Model Ziegler-Type Hydrogenation Catalyst Precursors, [(1,5-COD)M(μ-O2C8H15)]2 (M = Ir and Rh): Synthesis, Characterization, and Demonstration of Catalytic Activity En Route to Identifying the True Industrial Hydrogenation Catalysts

The compounds [(1,5-COD)M(μ-O2C8H15)]2 (COD = cyclooctadiene, M = Ir (1) or Rh (2), O2C8H15 = 2-ethylhexanoate) were synthesized by addition of Bu3NH(2-ethylhexanoate) or Na(2-ethylhexanoate) to acetone suspensions of [(1,5-COD)Ir(μ-Cl)]2 or [(1,5-COD)Rh(μ-Cl)]2, respectively. The synthesis of such well-defined second and third row model precursors is key to determining the true nature of commercial Ziegler-type hydrogenation catalysts (i.e., catalysts made from the combination of a non-zerovalent, group 8−10 transition metal precatalyst and a trialkylaluminum cocatalyst), an unsolved, ∼40 year old problem. The characterizations of 1 and 2 were accomplished by elemental analysis, melting point, FAB-MS, FT-IR, UV−vis, NMR spectroscopy, and single crystal X-ray diffraction.

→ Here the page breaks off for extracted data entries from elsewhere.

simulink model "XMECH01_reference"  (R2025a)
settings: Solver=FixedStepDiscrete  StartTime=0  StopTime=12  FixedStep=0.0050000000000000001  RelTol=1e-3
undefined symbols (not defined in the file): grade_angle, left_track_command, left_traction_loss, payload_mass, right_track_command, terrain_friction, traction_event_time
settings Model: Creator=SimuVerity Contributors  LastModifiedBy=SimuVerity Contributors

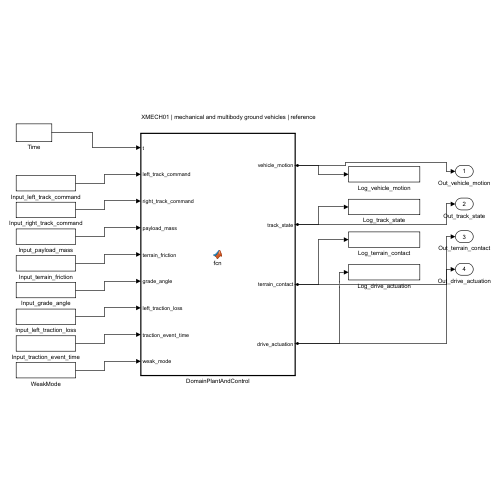
[thumbnail: Simulink's stored preview of the top-level diagram]
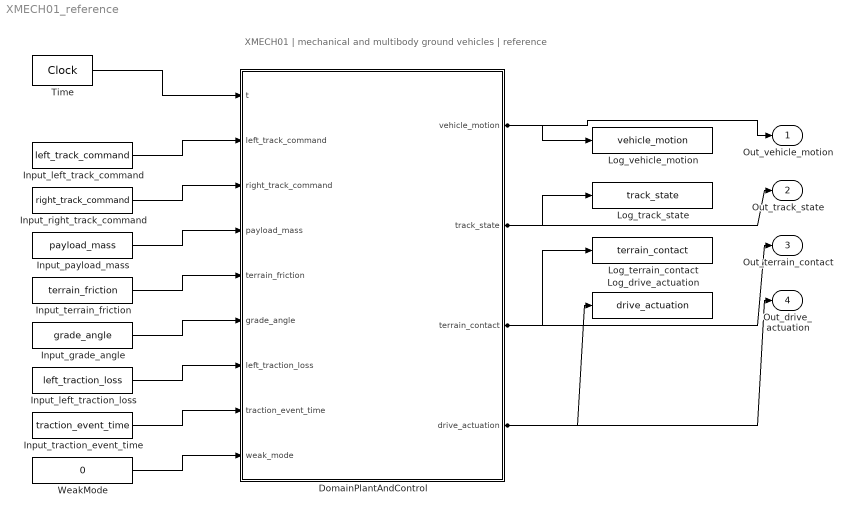
== system XMECH01_reference ==
  note: XMECH01 | mechanical and multibody ground vehicles | reference
  DomainPlantAndControl : MATLAB Function  TreatAsAtomicUnit=on
  Input_grade_angle : Constant  Value=grade_angle
  Input_left_track_command : Constant  Value=left_track_command
  Input_left_traction_loss : Constant  Value=left_traction_loss
  Input_payload_mass : Constant  Value=payload_mass
  Input_right_track_command : Constant  Value=right_track_command
  Input_terrain_friction : Constant  Value=terrain_friction
  Input_traction_event_time : Constant  Value=traction_event_time
  Log_drive_actuation : ToWorkspace  VariableName=drive_actuation  SaveFormat=Timeseries  SampleTime=-1
  Log_terrain_contact : ToWorkspace  VariableName=terrain_contact  SaveFormat=Timeseries  SampleTime=-1
  Log_track_state : ToWorkspace  VariableName=track_state  SaveFormat=Timeseries  SampleTime=-1
  Log_vehicle_motion : ToWorkspace  VariableName=vehicle_motion  SaveFormat=Timeseries  SampleTime=-1
  Time : DigitalClock  SampleTime=0.0050000000000000001
  WeakMode : Constant  Value=0
  Out_vehicle_motion : Outport
  Out_track_state : Outport  Port=2
  Out_terrain_contact : Outport  Port=3
  Out_drive_actuation : Outport  Port=4
  wires:
  Time/1 -> DomainPlantAndControl/1(t)
  Input_left_track_command/1 -> DomainPlantAndControl/2(left_track_command)
  Input_right_track_command/1 -> DomainPlantAndControl/3(right_track_command)
  Input_payload_mass/1 -> DomainPlantAndControl/4(payload_mass)
  Input_terrain_friction/1 -> DomainPlantAndControl/5(terrain_friction)
  Input_grade_angle/1 -> DomainPlantAndControl/6(grade_angle)
  Input_left_traction_loss/1 -> DomainPlantAndControl/7(left_traction_loss)
  Input_traction_event_time/1 -> DomainPlantAndControl/8(traction_event_time)
  WeakMode/1 -> DomainPlantAndControl/9(weak_mode)
  DomainPlantAndControl/1(vehicle_motion) -> Log_vehicle_motion/1, Out_vehicle_motion/1
  DomainPlantAndControl/2(track_state) -> Log_track_state/1, Out_track_state/1
  DomainPlantAndControl/3(terrain_contact) -> Log_terrain_contact/1, Out_terrain_contact/1
  DomainPlantAndControl/4(drive_actuation) -> Log_drive_actuation/1, Out_drive_actuation/1

== matlab function XMECH01_reference/DomainPlantAndControl ==
  data: t input; vehicle_motion output; left_track_command input; right_track_command input; payload_mass input; terrain_friction input; grade_angle input; left_traction_loss input; traction_event_time input; weak_mode input; track_state output; terrain_contact output; drive_actuation output
function [vehicle_motion,track_state,terrain_contact,drive_actuation] = fcn(t,left_track_command,right_track_command,payload_mass,terrain_friction,grade_angle,left_traction_loss,traction_event_time,weak_mode)
%#codegen
persistent x y psi v r uL uR iL iR
dt=0.005; g=9.81; width=1.2; m=720+payload_mass; Izz=610+0.62*payload_mass;
if isempty(x)
    x=0; y=0; psi=0; v=0; r=0; uL=0; uR=0; iL=0; iR=0;
end
grade=grade_angle*pi/180; event=(t>=traction_event_time && t<traction_event_time+1.2);
NL=0.5*m*g*cos(grade); NR=NL;
if weak_mode<0.5
    vLbody=v-0.5*width*r; vRbody=v+0.5*width*r;
    sL=uL-vLbody; sR=uR-vRbody;
    muL=terrain_friction*(1-left_traction_loss*double(event)); muR=terrain_friction;
    FL=muL*NL*tanh(3.0*sL); FR=muR*NR*tanh(3.0*sR);
    eL=left_track_command-uL; eR=right_track_command-uR;
    iL=min(max(iL+eL*dt,-2.5),2.5); iR=min(max(iR+eR*dt,-2.5),2.5);
    driveL=min(max(3900*eL+1850*iL,-7200),7200);
    driveR=min(max(3900*eR+1850*iR,-7200),7200);
    duL=(driveL-FL-95*uL)/58; duR=(driveR-FR-95*uR)/58;
    drag=105*v+34*v*abs(v);
    dv=(FL+FR-drag-m*g*sin(grade))/m;
    dr=((FR-FL)*0.5*width-420*r)/Izz;
elseif weak_mode<1.5
    duL=(left_track_command-uL)/0.16; duR=(right_track_command-uR)/0.16;
    vTarget=0.5*(left_track_command+right_track_command);
    rTarget=(right_track_command-left_track_command)/width;
    dv=(vTarget-v)/0.38; dr=(rTarget-r)/0.32;
    FL=0.5*(105*v+34*v*abs(v)+m*g*sin(grade)); FR=FL;
    driveL=FL+95*uL; driveR=FR+95*uR;
else
    % Developer shortcut mutant: prescribed chassis kinematics with
    % plausible self-reported contact and drive signals.  It is used
    % only to red-team the scorer and is never selected by the golden.
    duL=(left_track_command-uL)/0.16; duR=(right_track_command-uR)/0.16;
    vTarget=0.5*(left_track_command+right_track_command);
    rTarget=(right_track_command-left_track_command)/width;
    dv=(vTarget-v)/0.38; dr=(rTarget-r)/0.32;
    fakeLoss=left_traction_loss*double(event);
    baseF=0.5*(105*v+34*v*abs(v)+m*g*sin(grade));
    FL=baseF*(1-0.45*fakeLoss); FR=baseF*(1+0.15*fakeLoss);
    driveL=FL+58*duL+95*uL; driveR=FR+58*duR+95*uR;
end
uL=uL+dt*duL; uR=uR+dt*duR; v=v+dt*dv; r=r+dt*dr;
psi=psi+dt*r; x=x+dt*v*cos(psi); y=y+dt*v*sin(psi);
vLbody=v-0.5*width*r; vRbody=v+0.5*width*r;
slipL=(uL-vLbody)/max(max(abs(uL),abs(vLbody)),0.35); slipR=(uR-vRbody)/max(max(abs(uR),abs(vRbody)),0.35);
if weak_mode>=1.5,slipL=slipL+0.18*left_traction_loss*double(event);end
vehicle_motion=[x,y,psi,v,r];
track_state=[uL,uR,slipL,slipR];
terrain_contact=[FL,FR,NL,NR];
drive_actuation=[driveL,driveR];
end

The complexes, C32H54Ir2O4 and C32H54O4Rh2, are isostructural: monoclinic, P21/n, Z = 4. The lattice constants for 1 are a = 15.7748(5) Å, b = 9.8962(3) Å, c = 20.8847(7) Å, β = 108.408(2)°. The lattice constants for 2 are a = 15.7608(4) Å, b = 9.9032(3) Å, c = 20.8259(5) Å, β = 108.527(1)°. Complexes 1 and 2 are dimeric, bridged by the 2-ethylhexanoates, and with one 1,5-COD ligand bound to each metal. The formally 16 electron metal atoms are in square ligand planes with dihedral angles between the planes of 56.5° for 1 and 58.1° for 2. The M−M distances of 3.2776(2) and 3.3390(4) Å for 1 and 2, respectively, fall in the range of similar structures thought to have some M−M interaction despite the lack of a formal M−M bond. Demonstration that active Ziegler-type hydrogenation catalysts are made when 1 or 2 combine with AlEt3 is provided, results that open the door to the use of 1 and 2 as well-defined third and second row congeners, respectively, of Ziegler-type hydrogenation catalysts. These compounds have proven important in addressing the previously unsolved problem of the true nature of the catalyst in industrial Ziegler-type hydrogenation catalyst systems; their high yield synthesis and unequivocal characterization reported herein are the necessary first steps of that work.